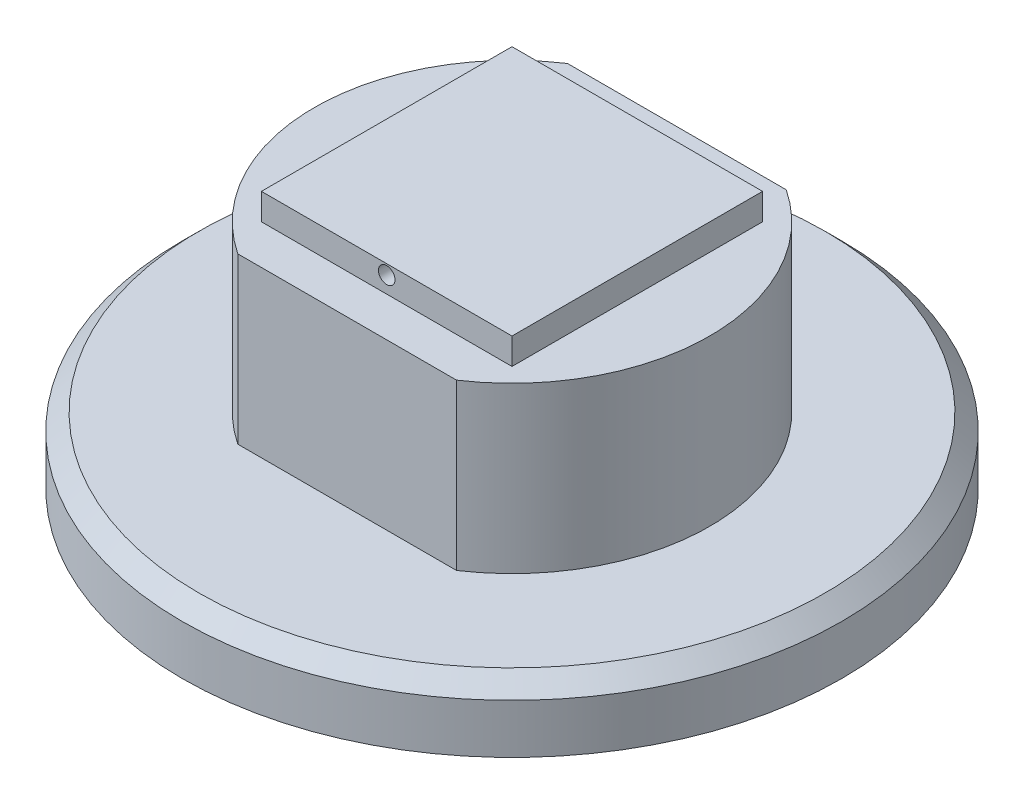
ISO-10303-21;
HEADER;
FILE_DESCRIPTION(('STEP AP214'),'2;1');
FILE_NAME('part.step','',(''),(''),'','','');
FILE_SCHEMA(('AUTOMOTIVE_DESIGN { 1 0 10303 214 1 1 1 1 }'));
ENDSEC;
DATA;
#1=APPLICATION_CONTEXT('core data for automotive mechanical design processes');
#2=APPLICATION_PROTOCOL_DEFINITION('international standard','automotive_design',2000,#1);
#3=PRODUCT_CONTEXT('',#1,'mechanical');
#4=PRODUCT('Part','Part','',(#3));
#5=PRODUCT_RELATED_PRODUCT_CATEGORY('part','',(#4));
#6=PRODUCT_DEFINITION_FORMATION('','',#4);
#7=PRODUCT_DEFINITION_CONTEXT('part definition',#1,'design');
#8=PRODUCT_DEFINITION('design','',#6,#7);
#9=PRODUCT_DEFINITION_SHAPE('','',#8);
#10=(LENGTH_UNIT() NAMED_UNIT(*) SI_UNIT(.MILLI.,.METRE.));
#11=(NAMED_UNIT(*) PLANE_ANGLE_UNIT() SI_UNIT($,.RADIAN.));
#12=(NAMED_UNIT(*) SI_UNIT($,.STERADIAN.) SOLID_ANGLE_UNIT());
#13=UNCERTAINTY_MEASURE_WITH_UNIT(LENGTH_MEASURE(1.E-05),#10,'distance_accuracy_value','');
#14=(GEOMETRIC_REPRESENTATION_CONTEXT(3) GLOBAL_UNCERTAINTY_ASSIGNED_CONTEXT((#13)) GLOBAL_UNIT_ASSIGNED_CONTEXT((#10,
#11,#12)) REPRESENTATION_CONTEXT('',''));
#15=CARTESIAN_POINT('',(0.,0.,0.));
#16=DIRECTION('',(0.,0.,1.));
#17=DIRECTION('',(1.,0.,0.));
#18=AXIS2_PLACEMENT_3D('',#15,#16,#17);
#19=CARTESIAN_POINT('',(0.,5.,0.));
#20=DIRECTION('',(0.,1.,0.));
#21=DIRECTION('',(0.,0.,1.));
#22=AXIS2_PLACEMENT_3D('',#19,#20,#21);
#23=PLANE('',#22);
#24=CARTESIAN_POINT('',(0.,5.,0.));
#25=DIRECTION('',(0.,1.,0.));
#26=DIRECTION('',(0.,0.,1.));
#27=AXIS2_PLACEMENT_3D('',#24,#25,#26);
#28=CIRCLE('',#27,6.);
#29=CARTESIAN_POINT('',(-3.3166247903554,5.,-5.));
#30=VERTEX_POINT('',#29);
#31=CARTESIAN_POINT('',(-3.3166247903554,5.,5.));
#32=VERTEX_POINT('',#31);
#33=EDGE_CURVE('E102',#30,#32,#28,.T.);
#34=ORIENTED_EDGE('',*,*,#33,.T.);
#35=DIRECTION('',(1.,0.,0.));
#36=VECTOR('',#35,1.);
#37=CARTESIAN_POINT('',(-3.3166247903554,5.,5.));
#38=LINE('',#37,#36);
#39=CARTESIAN_POINT('',(3.3166247903554,5.,5.));
#40=VERTEX_POINT('',#39);
#41=EDGE_CURVE('E95',#32,#40,#38,.T.);
#42=ORIENTED_EDGE('',*,*,#41,.T.);
#43=CARTESIAN_POINT('',(0.,5.,0.));
#44=DIRECTION('',(0.,1.,0.));
#45=DIRECTION('',(0.,0.,1.));
#46=AXIS2_PLACEMENT_3D('',#43,#44,#45);
#47=CIRCLE('',#46,6.);
#48=CARTESIAN_POINT('',(3.3166247903554,5.,-5.));
#49=VERTEX_POINT('',#48);
#50=EDGE_CURVE('E99',#40,#49,#47,.T.);
#51=ORIENTED_EDGE('',*,*,#50,.T.);
#52=DIRECTION('',(-1.,0.,0.));
#53=VECTOR('',#52,1.);
#54=CARTESIAN_POINT('',(-3.3166247903554,5.,-5.));
#55=LINE('',#54,#53);
#56=EDGE_CURVE('E56',#49,#30,#55,.T.);
#57=ORIENTED_EDGE('',*,*,#56,.T.);
#58=EDGE_LOOP('',(#34,#42,#51,#57));
#59=FACE_BOUND('',#58,.T.);
#60=DIRECTION('',(1.,0.,0.));
#61=VECTOR('',#60,1.);
#62=CARTESIAN_POINT('',(-3.8,5.,3.8));
#63=LINE('',#62,#61);
#64=CARTESIAN_POINT('',(-3.8,5.,3.8));
#65=VERTEX_POINT('',#64);
#66=CARTESIAN_POINT('',(3.8,5.,3.8));
#67=VERTEX_POINT('',#66);
#68=EDGE_CURVE('E305',#65,#67,#63,.T.);
#69=ORIENTED_EDGE('',*,*,#68,.F.);
#70=DIRECTION('',(0.,0.,1.));
#71=VECTOR('',#70,1.);
#72=CARTESIAN_POINT('',(-3.8,5.,-3.8));
#73=LINE('',#72,#71);
#74=CARTESIAN_POINT('',(-3.8,5.,-3.8));
#75=VERTEX_POINT('',#74);
#76=EDGE_CURVE('E138',#75,#65,#73,.T.);
#77=ORIENTED_EDGE('',*,*,#76,.F.);
#78=DIRECTION('',(-1.,0.,0.));
#79=VECTOR('',#78,1.);
#80=CARTESIAN_POINT('',(3.8,5.,-3.8));
#81=LINE('',#80,#79);
#82=CARTESIAN_POINT('',(3.8,5.,-3.8));
#83=VERTEX_POINT('',#82);
#84=EDGE_CURVE('E318',#83,#75,#81,.T.);
#85=ORIENTED_EDGE('',*,*,#84,.F.);
#86=DIRECTION('',(0.,0.,-1.));
#87=VECTOR('',#86,1.);
#88=CARTESIAN_POINT('',(3.8,5.,-3.8));
#89=LINE('',#88,#87);
#90=EDGE_CURVE('E316',#67,#83,#89,.T.);
#91=ORIENTED_EDGE('',*,*,#90,.F.);
#92=EDGE_LOOP('',(#69,#77,#85,#91));
#93=FACE_BOUND('',#92,.T.);
#94=ADVANCED_FACE('F32',(#59,#93),#23,.T.);
#95=CARTESIAN_POINT('',(0.,5.,0.));
#96=DIRECTION('',(0.,-1.,0.));
#97=DIRECTION('',(0.,0.,-1.));
#98=AXIS2_PLACEMENT_3D('',#95,#96,#97);
#99=CYLINDRICAL_SURFACE('',#98,6.);
#100=CARTESIAN_POINT('',(0.,0.,0.));
#101=DIRECTION('',(0.,1.,0.));
#102=DIRECTION('',(0.,0.,1.));
#103=AXIS2_PLACEMENT_3D('',#100,#101,#102);
#104=CIRCLE('',#103,6.);
#105=CARTESIAN_POINT('',(-3.3166247903554,0.,-5.));
#106=VERTEX_POINT('',#105);
#107=CARTESIAN_POINT('',(-3.3166247903554,0.,5.));
#108=VERTEX_POINT('',#107);
#109=EDGE_CURVE('E69',#106,#108,#104,.T.);
#110=ORIENTED_EDGE('',*,*,#109,.T.);
#111=DIRECTION('',(0.,-1.,0.));
#112=VECTOR('',#111,1.);
#113=CARTESIAN_POINT('',(-3.3166247903554,5.,5.));
#114=LINE('',#113,#112);
#115=EDGE_CURVE('E115',#32,#108,#114,.T.);
#116=ORIENTED_EDGE('',*,*,#115,.F.);
#117=ORIENTED_EDGE('',*,*,#33,.F.);
#118=DIRECTION('',(0.,-1.,0.));
#119=VECTOR('',#118,1.);
#120=CARTESIAN_POINT('',(-3.3166247903554,5.,-5.));
#121=LINE('',#120,#119);
#122=EDGE_CURVE('E121',#30,#106,#121,.T.);
#123=ORIENTED_EDGE('',*,*,#122,.T.);
#124=EDGE_LOOP('',(#110,#116,#117,#123));
#125=FACE_BOUND('',#124,.T.);
#126=ADVANCED_FACE('F156',(#125),#99,.T.);
#127=CARTESIAN_POINT('',(-3.3166247903554,5.,5.));
#128=DIRECTION('',(0.,0.,-1.));
#129=DIRECTION('',(-1.,0.,0.));
#130=AXIS2_PLACEMENT_3D('',#127,#128,#129);
#131=PLANE('',#130);
#132=DIRECTION('',(1.,0.,0.));
#133=VECTOR('',#132,1.);
#134=CARTESIAN_POINT('',(-3.3166247903554,0.,5.));
#135=LINE('',#134,#133);
#136=CARTESIAN_POINT('',(3.3166247903554,0.,5.));
#137=VERTEX_POINT('',#136);
#138=EDGE_CURVE('E112',#108,#137,#135,.T.);
#139=ORIENTED_EDGE('',*,*,#138,.T.);
#140=DIRECTION('',(0.,-1.,0.));
#141=VECTOR('',#140,1.);
#142=CARTESIAN_POINT('',(3.3166247903554,5.,5.));
#143=LINE('',#142,#141);
#144=EDGE_CURVE('E109',#40,#137,#143,.T.);
#145=ORIENTED_EDGE('',*,*,#144,.F.);
#146=ORIENTED_EDGE('',*,*,#41,.F.);
#147=ORIENTED_EDGE('',*,*,#115,.T.);
#148=EDGE_LOOP('',(#139,#145,#146,#147));
#149=FACE_BOUND('',#148,.T.);
#150=ADVANCED_FACE('F110',(#149),#131,.F.);
#151=CARTESIAN_POINT('',(0.,5.,0.));
#152=DIRECTION('',(0.,-1.,0.));
#153=DIRECTION('',(0.,0.,-1.));
#154=AXIS2_PLACEMENT_3D('',#151,#152,#153);
#155=CYLINDRICAL_SURFACE('',#154,6.);
#156=CARTESIAN_POINT('',(0.,0.,0.));
#157=DIRECTION('',(0.,1.,0.));
#158=DIRECTION('',(0.,0.,1.));
#159=AXIS2_PLACEMENT_3D('',#156,#157,#158);
#160=CIRCLE('',#159,6.);
#161=CARTESIAN_POINT('',(3.3166247903554,0.,-5.));
#162=VERTEX_POINT('',#161);
#163=EDGE_CURVE('E128',#137,#162,#160,.T.);
#164=ORIENTED_EDGE('',*,*,#163,.T.);
#165=DIRECTION('',(0.,-1.,0.));
#166=VECTOR('',#165,1.);
#167=CARTESIAN_POINT('',(3.3166247903554,5.,-5.));
#168=LINE('',#167,#166);
#169=EDGE_CURVE('E116',#49,#162,#168,.T.);
#170=ORIENTED_EDGE('',*,*,#169,.F.);
#171=ORIENTED_EDGE('',*,*,#50,.F.);
#172=ORIENTED_EDGE('',*,*,#144,.T.);
#173=EDGE_LOOP('',(#164,#170,#171,#172));
#174=FACE_BOUND('',#173,.T.);
#175=ADVANCED_FACE('F118',(#174),#155,.T.);
#176=CARTESIAN_POINT('',(-3.3166247903554,5.,-5.));
#177=DIRECTION('',(0.,0.,1.));
#178=DIRECTION('',(1.,0.,0.));
#179=AXIS2_PLACEMENT_3D('',#176,#177,#178);
#180=PLANE('',#179);
#181=DIRECTION('',(-1.,0.,0.));
#182=VECTOR('',#181,1.);
#183=CARTESIAN_POINT('',(-3.3166247903554,0.,-5.));
#184=LINE('',#183,#182);
#185=EDGE_CURVE('E130',#162,#106,#184,.T.);
#186=ORIENTED_EDGE('',*,*,#185,.T.);
#187=ORIENTED_EDGE('',*,*,#122,.F.);
#188=ORIENTED_EDGE('',*,*,#56,.F.);
#189=ORIENTED_EDGE('',*,*,#169,.T.);
#190=EDGE_LOOP('',(#186,#187,#188,#189));
#191=FACE_BOUND('',#190,.T.);
#192=ADVANCED_FACE('F166',(#191),#180,.F.);
#193=CARTESIAN_POINT('',(-3.8,5.8,-3.8));
#194=DIRECTION('',(1.,0.,0.));
#195=DIRECTION('',(0.,0.,-1.));
#196=AXIS2_PLACEMENT_3D('',#193,#194,#195);
#197=PLANE('',#196);
#198=ORIENTED_EDGE('',*,*,#76,.T.);
#199=DIRECTION('',(0.,-1.,0.));
#200=VECTOR('',#199,1.);
#201=CARTESIAN_POINT('',(-3.8,5.8,3.8));
#202=LINE('',#201,#200);
#203=CARTESIAN_POINT('',(-3.8,5.8,3.8));
#204=VERTEX_POINT('',#203);
#205=EDGE_CURVE('E126',#204,#65,#202,.T.);
#206=ORIENTED_EDGE('',*,*,#205,.F.);
#207=DIRECTION('',(0.,0.,1.));
#208=VECTOR('',#207,1.);
#209=CARTESIAN_POINT('',(-3.8,5.8,-3.8));
#210=LINE('',#209,#208);
#211=CARTESIAN_POINT('',(-3.8,5.8,-3.8));
#212=VERTEX_POINT('',#211);
#213=EDGE_CURVE('E298',#212,#204,#210,.T.);
#214=ORIENTED_EDGE('',*,*,#213,.F.);
#215=DIRECTION('',(0.,-1.,0.));
#216=VECTOR('',#215,1.);
#217=CARTESIAN_POINT('',(-3.8,5.8,-3.8));
#218=LINE('',#217,#216);
#219=EDGE_CURVE('E309',#212,#75,#218,.T.);
#220=ORIENTED_EDGE('',*,*,#219,.T.);
#221=EDGE_LOOP('',(#198,#206,#214,#220));
#222=FACE_BOUND('',#221,.T.);
#223=ADVANCED_FACE('F164',(#222),#197,.F.);
#224=CARTESIAN_POINT('',(-3.8,5.8,3.8));
#225=DIRECTION('',(0.,0.,-1.));
#226=DIRECTION('',(-1.,0.,0.));
#227=AXIS2_PLACEMENT_3D('',#224,#225,#226);
#228=PLANE('',#227);
#229=CARTESIAN_POINT('',(0.,5.5,3.8));
#230=DIRECTION('',(0.,0.,1.));
#231=DIRECTION('',(1.,0.,0.));
#232=AXIS2_PLACEMENT_3D('',#229,#230,#231);
#233=CIRCLE('',#232,0.25);
#234=CARTESIAN_POINT('',(0.250000000000001,5.5,3.8));
#235=VERTEX_POINT('',#234);
#236=EDGE_CURVE('E139',#235,#235,#233,.T.);
#237=ORIENTED_EDGE('',*,*,#236,.F.);
#238=EDGE_LOOP('',(#237));
#239=FACE_BOUND('',#238,.T.);
#240=ORIENTED_EDGE('',*,*,#68,.T.);
#241=DIRECTION('',(0.,-1.,0.));
#242=VECTOR('',#241,1.);
#243=CARTESIAN_POINT('',(3.8,5.8,3.8));
#244=LINE('',#243,#242);
#245=CARTESIAN_POINT('',(3.8,5.8,3.8));
#246=VERTEX_POINT('',#245);
#247=EDGE_CURVE('E303',#246,#67,#244,.T.);
#248=ORIENTED_EDGE('',*,*,#247,.F.);
#249=DIRECTION('',(1.,0.,0.));
#250=VECTOR('',#249,1.);
#251=CARTESIAN_POINT('',(-3.8,5.8,3.8));
#252=LINE('',#251,#250);
#253=EDGE_CURVE('E293',#204,#246,#252,.T.);
#254=ORIENTED_EDGE('',*,*,#253,.F.);
#255=ORIENTED_EDGE('',*,*,#205,.T.);
#256=EDGE_LOOP('',(#240,#248,#254,#255));
#257=FACE_BOUND('',#256,.T.);
#258=ADVANCED_FACE('F192',(#239,#257),#228,.F.);
#259=CARTESIAN_POINT('',(3.8,5.8,-3.8));
#260=DIRECTION('',(-1.,0.,0.));
#261=DIRECTION('',(0.,0.,1.));
#262=AXIS2_PLACEMENT_3D('',#259,#260,#261);
#263=PLANE('',#262);
#264=ORIENTED_EDGE('',*,*,#90,.T.);
#265=DIRECTION('',(0.,-1.,0.));
#266=VECTOR('',#265,1.);
#267=CARTESIAN_POINT('',(3.8,5.8,-3.8));
#268=LINE('',#267,#266);
#269=CARTESIAN_POINT('',(3.8,5.8,-3.8));
#270=VERTEX_POINT('',#269);
#271=EDGE_CURVE('E47',#270,#83,#268,.T.);
#272=ORIENTED_EDGE('',*,*,#271,.F.);
#273=DIRECTION('',(0.,0.,-1.));
#274=VECTOR('',#273,1.);
#275=CARTESIAN_POINT('',(3.8,5.8,-3.8));
#276=LINE('',#275,#274);
#277=EDGE_CURVE('E296',#246,#270,#276,.T.);
#278=ORIENTED_EDGE('',*,*,#277,.F.);
#279=ORIENTED_EDGE('',*,*,#247,.T.);
#280=EDGE_LOOP('',(#264,#272,#278,#279));
#281=FACE_BOUND('',#280,.T.);
#282=ADVANCED_FACE('F200',(#281),#263,.F.);
#283=CARTESIAN_POINT('',(3.8,5.8,-3.8));
#284=DIRECTION('',(0.,0.,1.));
#285=DIRECTION('',(1.,0.,0.));
#286=AXIS2_PLACEMENT_3D('',#283,#284,#285);
#287=PLANE('',#286);
#288=CARTESIAN_POINT('',(0.,5.5,-3.8));
#289=DIRECTION('',(0.,0.,1.));
#290=DIRECTION('',(1.,0.,0.));
#291=AXIS2_PLACEMENT_3D('',#288,#289,#290);
#292=CIRCLE('',#291,0.25);
#293=CARTESIAN_POINT('',(0.250000000000001,5.5,-3.8));
#294=VERTEX_POINT('',#293);
#295=EDGE_CURVE('E136',#294,#294,#292,.T.);
#296=ORIENTED_EDGE('',*,*,#295,.T.);
#297=EDGE_LOOP('',(#296));
#298=FACE_BOUND('',#297,.T.);
#299=ORIENTED_EDGE('',*,*,#84,.T.);
#300=ORIENTED_EDGE('',*,*,#219,.F.);
#301=DIRECTION('',(-1.,0.,0.));
#302=VECTOR('',#301,1.);
#303=CARTESIAN_POINT('',(3.8,5.8,-3.8));
#304=LINE('',#303,#302);
#305=EDGE_CURVE('E79',#270,#212,#304,.T.);
#306=ORIENTED_EDGE('',*,*,#305,.F.);
#307=ORIENTED_EDGE('',*,*,#271,.T.);
#308=EDGE_LOOP('',(#299,#300,#306,#307));
#309=FACE_BOUND('',#308,.T.);
#310=ADVANCED_FACE('F208',(#298,#309),#287,.F.);
#311=CARTESIAN_POINT('',(0.,5.8,0.));
#312=DIRECTION('',(0.,1.,0.));
#313=DIRECTION('',(0.,0.,1.));
#314=AXIS2_PLACEMENT_3D('',#311,#312,#313);
#315=PLANE('',#314);
#316=ORIENTED_EDGE('',*,*,#213,.T.);
#317=ORIENTED_EDGE('',*,*,#253,.T.);
#318=ORIENTED_EDGE('',*,*,#277,.T.);
#319=ORIENTED_EDGE('',*,*,#305,.T.);
#320=EDGE_LOOP('',(#316,#317,#318,#319));
#321=FACE_BOUND('',#320,.T.);
#322=ADVANCED_FACE('F215',(#321),#315,.T.);
#323=CARTESIAN_POINT('',(0.,5.5,-5.));
#324=DIRECTION('',(0.,0.,1.));
#325=DIRECTION('',(1.,0.,0.));
#326=AXIS2_PLACEMENT_3D('',#323,#324,#325);
#327=CYLINDRICAL_SURFACE('',#326,0.25);
#328=ORIENTED_EDGE('',*,*,#236,.T.);
#329=EDGE_LOOP('',(#328));
#330=FACE_BOUND('',#329,.T.);
#331=ORIENTED_EDGE('',*,*,#295,.F.);
#332=EDGE_LOOP('',(#331));
#333=FACE_BOUND('',#332,.T.);
#334=ADVANCED_FACE('F223',(#330,#333),#327,.F.);
#335=CARTESIAN_POINT('',(0.,0.,0.));
#336=DIRECTION('',(0.,-1.,0.));
#337=DIRECTION('',(0.,0.,-1.));
#338=AXIS2_PLACEMENT_3D('',#335,#336,#337);
#339=PLANE('',#338);
#340=CARTESIAN_POINT('',(0.,0.,0.));
#341=DIRECTION('',(0.,-1.,0.));
#342=DIRECTION('',(0.,0.,-1.));
#343=AXIS2_PLACEMENT_3D('',#340,#341,#342);
#344=CIRCLE('',#343,9.5);
#345=CARTESIAN_POINT('',(0.,0.,-9.5));
#346=VERTEX_POINT('',#345);
#347=EDGE_CURVE('E11',#346,#346,#344,.F.);
#348=ORIENTED_EDGE('',*,*,#347,.T.);
#349=EDGE_LOOP('',(#348));
#350=FACE_BOUND('',#349,.T.);
#351=ORIENTED_EDGE('',*,*,#138,.F.);
#352=ORIENTED_EDGE('',*,*,#109,.F.);
#353=ORIENTED_EDGE('',*,*,#185,.F.);
#354=ORIENTED_EDGE('',*,*,#163,.F.);
#355=EDGE_LOOP('',(#351,#352,#353,#354));
#356=FACE_BOUND('',#355,.T.);
#357=ADVANCED_FACE('F229',(#350,#356),#339,.F.);
#358=CARTESIAN_POINT('',(0.,-2.,0.));
#359=DIRECTION('',(0.,1.,0.));
#360=DIRECTION('',(0.,0.,1.));
#361=AXIS2_PLACEMENT_3D('',#358,#359,#360);
#362=CYLINDRICAL_SURFACE('',#361,10.);
#363=CARTESIAN_POINT('',(0.,-0.500000000000004,0.));
#364=DIRECTION('',(0.,-1.,0.));
#365=DIRECTION('',(0.,0.,-1.));
#366=AXIS2_PLACEMENT_3D('',#363,#364,#365);
#367=CIRCLE('',#366,10.);
#368=CARTESIAN_POINT('',(0.,-0.500000000000004,-10.));
#369=VERTEX_POINT('',#368);
#370=EDGE_CURVE('E40',#369,#369,#367,.T.);
#371=ORIENTED_EDGE('',*,*,#370,.T.);
#372=EDGE_LOOP('',(#371));
#373=FACE_BOUND('',#372,.T.);
#374=CARTESIAN_POINT('',(0.,-2.,0.));
#375=DIRECTION('',(0.,-1.,0.));
#376=DIRECTION('',(0.,0.,-1.));
#377=AXIS2_PLACEMENT_3D('',#374,#375,#376);
#378=CIRCLE('',#377,10.);
#379=CARTESIAN_POINT('',(0.,-2.,-10.));
#380=VERTEX_POINT('',#379);
#381=EDGE_CURVE('E328',#380,#380,#378,.T.);
#382=ORIENTED_EDGE('',*,*,#381,.F.);
#383=EDGE_LOOP('',(#382));
#384=FACE_BOUND('',#383,.T.);
#385=ADVANCED_FACE('F143',(#373,#384),#362,.T.);
#386=CARTESIAN_POINT('',(0.,-2.,0.));
#387=DIRECTION('',(0.,-1.,0.));
#388=DIRECTION('',(0.,0.,-1.));
#389=AXIS2_PLACEMENT_3D('',#386,#387,#388);
#390=PLANE('',#389);
#391=ORIENTED_EDGE('',*,*,#381,.T.);
#392=EDGE_LOOP('',(#391));
#393=FACE_BOUND('',#392,.T.);
#394=ADVANCED_FACE('F147',(#393),#390,.T.);
#395=CARTESIAN_POINT('',(0.,-0.500000000000004,0.));
#396=DIRECTION('',(0.,-1.,0.));
#397=DIRECTION('',(0.,0.,-1.));
#398=AXIS2_PLACEMENT_3D('',#395,#396,#397);
#399=CONICAL_SURFACE('',#398,10.,0.785398163397448);
#400=ORIENTED_EDGE('',*,*,#347,.F.);
#401=EDGE_LOOP('',(#400));
#402=FACE_BOUND('',#401,.T.);
#403=ORIENTED_EDGE('',*,*,#370,.F.);
#404=EDGE_LOOP('',(#403));
#405=FACE_BOUND('',#404,.T.);
#406=ADVANCED_FACE('F34',(#402,#405),#399,.T.);
#407=CLOSED_SHELL('',(#94,#126,#150,#175,#192,#223,#258,#282,#310,#322,#334,#357,#385,#394,#406));
#408=MANIFOLD_SOLID_BREP('B2',#407);
#409=ADVANCED_BREP_SHAPE_REPRESENTATION('',(#18,#408),#14);
#410=SHAPE_DEFINITION_REPRESENTATION(#9,#409);
ENDSEC;
END-ISO-10303-21;

* **WHAT YOU ARE ASKED TO DO**
Write out every line of the data that holds the word "CIRCLE".

* **RESULT FOR THIS EXERCISE**
#28=CIRCLE('',#27,6.);
#47=CIRCLE('',#46,6.);
#104=CIRCLE('',#103,6.);
#160=CIRCLE('',#159,6.);
#233=CIRCLE('',#232,0.25);
#292=CIRCLE('',#291,0.25);
#344=CIRCLE('',#343,9.5);
#367=CIRCLE('',#366,10.);
#378=CIRCLE('',#377,10.);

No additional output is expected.